Daarna kan de rechter beslissen welke gevolgen hieraan worden verbonden, in het beste geval (voor de cardioloog) kan de aanslag naar de prullenbak. Zover gaat de rechter echter niet. De stukken worden uitgesloten maar de stukken die zijn opgemaakt op grond van deze stukken mogen wel worden gebruikt. Via een u bocht (en verwijzing naar Hoge Raad d.d. 31 januari 2025 ECLI:NL:HR:2025:154) stelt de rechtbank dat het zorgvuldigheidsbeginsel er niet direct aan in de weg staat dat de belastingdienst (inspecteur) gebruik heeft gemaakt van strafrechtelijk onrechtmatig verkregen bewijs, indien de inspecteur ook via een andere weg (op andere wijze) aan de stukken had kunnen komen.
Mega vergrijpboete wordt vernietigd
Diverse stukken worden uitgesloten maar de navorderingsaanslag blijft in stand. Vervolgens gaat de rechter er eens goed voor zitten. Kan de vergrijpboete van € 750.000 wel in stand blijven?
- De rechtbank stelt voorop dat de aanwezigheid van een beboetbaar feit alleen kan worden aangenomen als de daarvoor vereiste feiten en omstandigheden buiten redelijke twijfel zijn komen vast te staan. Dit dient begrepen te worden als ‘doen blijken’, dat wil zeggen: ‘overtuigend aantonen (zie Hoge Raad d.d. 8 april 2022 ECLI:NL:HR:2022:526)
- De inspecteur dient dus overtuigend aan te tonen dat het aan (voorwaardelijk) opzet van belanghebbende is te wijten dat de aanslag tot een te laag bedrag is vastgesteld. Onder opzet wordt verstaan het willens en wetens handelen. De ondergrens van opzet wordt gevormd door voorwaardelijke opzet. Daarvoor moet vaststaan (i) dat belanghebbende wetenschap had van de aanmerkelijke kans dat de verweten gedraging zich voordoet, en (ii) dat hij deze kans bovendien bewust heeft aanvaard (op de koop toe heeft genomen).
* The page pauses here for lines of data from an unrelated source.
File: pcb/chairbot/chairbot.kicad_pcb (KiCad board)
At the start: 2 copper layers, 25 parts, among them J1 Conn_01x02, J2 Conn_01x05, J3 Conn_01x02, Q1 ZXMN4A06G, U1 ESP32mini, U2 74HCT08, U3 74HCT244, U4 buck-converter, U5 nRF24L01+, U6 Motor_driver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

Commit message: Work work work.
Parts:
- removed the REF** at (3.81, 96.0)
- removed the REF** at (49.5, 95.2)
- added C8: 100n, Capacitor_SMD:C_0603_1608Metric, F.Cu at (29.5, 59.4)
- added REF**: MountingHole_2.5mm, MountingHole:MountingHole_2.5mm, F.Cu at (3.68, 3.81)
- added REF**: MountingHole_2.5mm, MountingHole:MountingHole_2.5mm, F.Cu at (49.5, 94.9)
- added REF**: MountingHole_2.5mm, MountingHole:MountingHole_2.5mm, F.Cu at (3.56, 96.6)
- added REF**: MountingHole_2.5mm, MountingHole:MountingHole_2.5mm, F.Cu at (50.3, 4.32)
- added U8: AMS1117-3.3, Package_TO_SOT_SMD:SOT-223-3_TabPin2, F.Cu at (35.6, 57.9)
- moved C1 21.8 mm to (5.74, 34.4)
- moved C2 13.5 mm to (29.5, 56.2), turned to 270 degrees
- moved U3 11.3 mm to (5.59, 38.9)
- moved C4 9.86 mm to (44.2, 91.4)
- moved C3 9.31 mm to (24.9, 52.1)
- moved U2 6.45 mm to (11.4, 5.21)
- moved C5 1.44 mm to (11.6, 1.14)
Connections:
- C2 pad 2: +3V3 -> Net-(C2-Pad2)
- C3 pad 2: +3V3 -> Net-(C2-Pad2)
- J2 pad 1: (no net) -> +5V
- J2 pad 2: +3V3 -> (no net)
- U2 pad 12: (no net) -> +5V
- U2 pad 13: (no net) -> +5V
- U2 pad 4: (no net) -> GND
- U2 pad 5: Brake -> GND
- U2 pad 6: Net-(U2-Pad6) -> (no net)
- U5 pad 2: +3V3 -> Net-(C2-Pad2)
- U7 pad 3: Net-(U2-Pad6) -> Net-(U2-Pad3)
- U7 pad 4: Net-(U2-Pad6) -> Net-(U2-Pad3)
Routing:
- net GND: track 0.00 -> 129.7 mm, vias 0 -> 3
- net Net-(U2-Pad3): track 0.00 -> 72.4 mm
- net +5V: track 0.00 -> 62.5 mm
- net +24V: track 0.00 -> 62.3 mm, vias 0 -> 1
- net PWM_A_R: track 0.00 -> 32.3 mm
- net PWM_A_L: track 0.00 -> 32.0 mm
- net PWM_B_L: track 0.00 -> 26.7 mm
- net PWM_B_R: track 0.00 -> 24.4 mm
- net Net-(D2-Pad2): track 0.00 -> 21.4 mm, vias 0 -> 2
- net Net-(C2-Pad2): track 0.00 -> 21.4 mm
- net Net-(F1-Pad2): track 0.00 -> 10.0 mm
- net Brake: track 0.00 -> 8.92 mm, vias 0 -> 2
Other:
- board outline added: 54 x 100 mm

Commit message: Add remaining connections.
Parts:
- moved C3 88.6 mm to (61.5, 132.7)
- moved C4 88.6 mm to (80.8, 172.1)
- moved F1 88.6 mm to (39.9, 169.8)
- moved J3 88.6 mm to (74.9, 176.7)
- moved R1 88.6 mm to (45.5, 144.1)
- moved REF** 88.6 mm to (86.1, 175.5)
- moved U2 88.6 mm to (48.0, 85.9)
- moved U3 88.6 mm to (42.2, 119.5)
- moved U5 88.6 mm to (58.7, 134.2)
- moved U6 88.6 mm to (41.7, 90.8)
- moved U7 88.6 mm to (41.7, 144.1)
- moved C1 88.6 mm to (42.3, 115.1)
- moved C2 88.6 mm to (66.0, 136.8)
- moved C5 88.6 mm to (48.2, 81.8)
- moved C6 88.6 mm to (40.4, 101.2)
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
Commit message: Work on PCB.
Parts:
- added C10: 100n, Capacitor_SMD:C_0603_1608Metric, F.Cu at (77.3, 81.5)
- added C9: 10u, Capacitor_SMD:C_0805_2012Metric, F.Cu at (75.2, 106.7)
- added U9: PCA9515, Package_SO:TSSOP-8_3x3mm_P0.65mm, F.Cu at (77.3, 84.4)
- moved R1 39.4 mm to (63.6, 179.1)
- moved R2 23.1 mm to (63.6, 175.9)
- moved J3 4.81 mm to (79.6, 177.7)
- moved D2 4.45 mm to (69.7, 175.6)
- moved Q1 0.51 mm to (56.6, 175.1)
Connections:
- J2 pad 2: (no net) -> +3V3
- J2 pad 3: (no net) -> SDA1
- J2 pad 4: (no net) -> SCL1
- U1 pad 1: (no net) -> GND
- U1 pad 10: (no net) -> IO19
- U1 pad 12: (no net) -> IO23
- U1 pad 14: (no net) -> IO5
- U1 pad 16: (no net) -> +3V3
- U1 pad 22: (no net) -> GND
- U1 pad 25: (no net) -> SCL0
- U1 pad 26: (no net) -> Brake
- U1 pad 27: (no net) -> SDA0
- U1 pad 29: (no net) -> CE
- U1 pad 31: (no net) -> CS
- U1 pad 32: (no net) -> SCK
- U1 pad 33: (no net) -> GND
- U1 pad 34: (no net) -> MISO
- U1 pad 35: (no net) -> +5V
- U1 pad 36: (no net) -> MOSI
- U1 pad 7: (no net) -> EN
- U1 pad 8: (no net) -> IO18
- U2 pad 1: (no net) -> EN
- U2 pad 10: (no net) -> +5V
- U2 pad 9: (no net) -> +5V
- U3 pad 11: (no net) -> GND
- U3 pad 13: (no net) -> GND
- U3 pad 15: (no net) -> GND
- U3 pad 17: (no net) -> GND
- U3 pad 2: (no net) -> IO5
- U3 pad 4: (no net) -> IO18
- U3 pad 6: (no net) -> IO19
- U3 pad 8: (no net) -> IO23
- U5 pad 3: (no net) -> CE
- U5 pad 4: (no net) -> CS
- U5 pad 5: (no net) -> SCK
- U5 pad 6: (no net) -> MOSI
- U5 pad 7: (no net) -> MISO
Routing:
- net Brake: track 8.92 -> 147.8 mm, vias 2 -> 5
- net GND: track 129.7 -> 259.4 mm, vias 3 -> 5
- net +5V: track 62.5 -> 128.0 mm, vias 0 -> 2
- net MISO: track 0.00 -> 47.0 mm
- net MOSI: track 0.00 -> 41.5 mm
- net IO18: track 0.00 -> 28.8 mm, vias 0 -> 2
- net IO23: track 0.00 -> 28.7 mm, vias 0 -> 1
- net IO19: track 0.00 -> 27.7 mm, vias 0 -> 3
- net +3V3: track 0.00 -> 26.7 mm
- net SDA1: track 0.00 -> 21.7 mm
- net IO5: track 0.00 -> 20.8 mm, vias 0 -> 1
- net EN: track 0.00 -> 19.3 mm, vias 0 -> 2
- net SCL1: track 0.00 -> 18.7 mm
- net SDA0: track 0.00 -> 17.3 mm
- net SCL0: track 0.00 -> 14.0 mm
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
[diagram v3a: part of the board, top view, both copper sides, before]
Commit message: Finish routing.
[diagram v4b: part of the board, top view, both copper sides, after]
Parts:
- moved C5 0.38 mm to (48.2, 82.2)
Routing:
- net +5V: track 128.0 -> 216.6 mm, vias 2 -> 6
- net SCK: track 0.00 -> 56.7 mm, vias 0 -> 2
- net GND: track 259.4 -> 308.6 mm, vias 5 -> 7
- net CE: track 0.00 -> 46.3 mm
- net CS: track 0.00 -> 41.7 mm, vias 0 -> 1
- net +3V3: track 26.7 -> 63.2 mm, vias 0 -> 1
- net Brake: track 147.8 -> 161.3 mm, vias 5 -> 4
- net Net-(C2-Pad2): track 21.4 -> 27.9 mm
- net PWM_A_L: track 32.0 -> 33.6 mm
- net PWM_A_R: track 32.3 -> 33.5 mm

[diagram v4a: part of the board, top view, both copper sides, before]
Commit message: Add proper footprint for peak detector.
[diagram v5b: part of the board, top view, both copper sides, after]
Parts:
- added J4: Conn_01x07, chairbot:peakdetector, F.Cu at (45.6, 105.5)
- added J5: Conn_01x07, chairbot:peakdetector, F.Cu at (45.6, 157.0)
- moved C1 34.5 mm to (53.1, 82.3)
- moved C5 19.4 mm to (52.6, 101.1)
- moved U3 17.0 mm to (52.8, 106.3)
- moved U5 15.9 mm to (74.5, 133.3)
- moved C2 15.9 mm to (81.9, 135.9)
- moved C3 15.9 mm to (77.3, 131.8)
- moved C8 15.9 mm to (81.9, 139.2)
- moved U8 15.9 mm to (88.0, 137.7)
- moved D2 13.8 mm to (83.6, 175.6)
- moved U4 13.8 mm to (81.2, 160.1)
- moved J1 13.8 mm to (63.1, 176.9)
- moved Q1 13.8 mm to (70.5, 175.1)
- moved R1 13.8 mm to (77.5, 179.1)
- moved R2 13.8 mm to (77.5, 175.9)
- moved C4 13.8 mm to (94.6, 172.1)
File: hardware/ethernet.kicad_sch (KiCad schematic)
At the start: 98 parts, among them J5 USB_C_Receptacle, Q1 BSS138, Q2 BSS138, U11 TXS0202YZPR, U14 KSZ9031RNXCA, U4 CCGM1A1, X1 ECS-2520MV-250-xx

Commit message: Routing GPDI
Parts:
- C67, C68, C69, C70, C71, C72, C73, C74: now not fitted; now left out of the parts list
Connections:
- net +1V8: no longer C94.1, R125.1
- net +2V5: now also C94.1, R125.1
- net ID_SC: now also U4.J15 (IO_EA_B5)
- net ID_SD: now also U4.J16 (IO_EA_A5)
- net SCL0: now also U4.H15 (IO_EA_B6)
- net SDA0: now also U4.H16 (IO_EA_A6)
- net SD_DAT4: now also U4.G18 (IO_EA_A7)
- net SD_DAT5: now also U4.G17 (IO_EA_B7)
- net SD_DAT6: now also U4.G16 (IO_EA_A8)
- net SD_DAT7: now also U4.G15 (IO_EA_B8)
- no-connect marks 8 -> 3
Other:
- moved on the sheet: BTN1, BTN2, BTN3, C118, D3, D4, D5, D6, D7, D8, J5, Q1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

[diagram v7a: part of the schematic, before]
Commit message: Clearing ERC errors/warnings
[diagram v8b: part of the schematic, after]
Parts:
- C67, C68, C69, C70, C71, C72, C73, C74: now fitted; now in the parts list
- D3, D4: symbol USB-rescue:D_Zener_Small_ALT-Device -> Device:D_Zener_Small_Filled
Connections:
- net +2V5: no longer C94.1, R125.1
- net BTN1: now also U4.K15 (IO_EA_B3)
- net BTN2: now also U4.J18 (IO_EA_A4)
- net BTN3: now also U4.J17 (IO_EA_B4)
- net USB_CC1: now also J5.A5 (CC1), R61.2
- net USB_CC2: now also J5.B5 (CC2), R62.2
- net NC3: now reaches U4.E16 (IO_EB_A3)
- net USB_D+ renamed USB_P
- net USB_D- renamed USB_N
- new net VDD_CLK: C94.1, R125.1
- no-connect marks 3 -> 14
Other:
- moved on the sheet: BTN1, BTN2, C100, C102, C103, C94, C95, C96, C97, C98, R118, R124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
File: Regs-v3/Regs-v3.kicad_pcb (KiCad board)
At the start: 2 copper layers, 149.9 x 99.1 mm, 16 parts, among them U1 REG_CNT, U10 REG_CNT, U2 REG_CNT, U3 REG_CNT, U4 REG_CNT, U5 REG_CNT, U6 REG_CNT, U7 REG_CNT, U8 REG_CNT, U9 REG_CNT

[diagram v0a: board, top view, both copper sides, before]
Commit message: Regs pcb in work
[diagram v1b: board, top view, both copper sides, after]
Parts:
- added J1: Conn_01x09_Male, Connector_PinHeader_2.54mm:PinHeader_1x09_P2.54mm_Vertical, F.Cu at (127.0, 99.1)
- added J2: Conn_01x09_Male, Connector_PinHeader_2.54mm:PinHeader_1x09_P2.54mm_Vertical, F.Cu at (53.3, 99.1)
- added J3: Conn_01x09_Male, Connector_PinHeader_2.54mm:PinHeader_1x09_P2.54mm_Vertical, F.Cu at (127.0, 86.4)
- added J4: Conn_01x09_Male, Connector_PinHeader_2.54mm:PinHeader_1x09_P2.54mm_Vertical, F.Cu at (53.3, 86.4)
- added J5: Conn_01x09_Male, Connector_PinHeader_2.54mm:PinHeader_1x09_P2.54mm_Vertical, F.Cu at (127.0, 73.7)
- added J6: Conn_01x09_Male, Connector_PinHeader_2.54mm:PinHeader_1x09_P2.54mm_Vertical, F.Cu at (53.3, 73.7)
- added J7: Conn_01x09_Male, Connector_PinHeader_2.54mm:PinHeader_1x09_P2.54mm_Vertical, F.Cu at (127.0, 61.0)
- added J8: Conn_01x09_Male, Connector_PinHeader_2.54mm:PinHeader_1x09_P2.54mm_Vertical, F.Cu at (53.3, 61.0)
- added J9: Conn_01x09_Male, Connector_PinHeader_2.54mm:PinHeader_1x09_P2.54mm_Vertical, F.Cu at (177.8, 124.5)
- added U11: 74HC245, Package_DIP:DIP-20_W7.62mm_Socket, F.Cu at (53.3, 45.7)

Naar het oordeel van de rechtbank is de inspecteur niet in zijn bewijslast geslaagd. De inspecteur heeft met alles wat hij heeft overgelegd en aangevoerd niet overtuigend bewezen dat belanghebbende (voorwaardelijke) opzet had tot het doen van een onjuiste aangifte over het onderhavige jaar. Niet is buiten redelijke twijfel komen vast te staan dat de zwager van belanghebbende de royalty’s niet (in zekere mate) zelf heeft gehouden.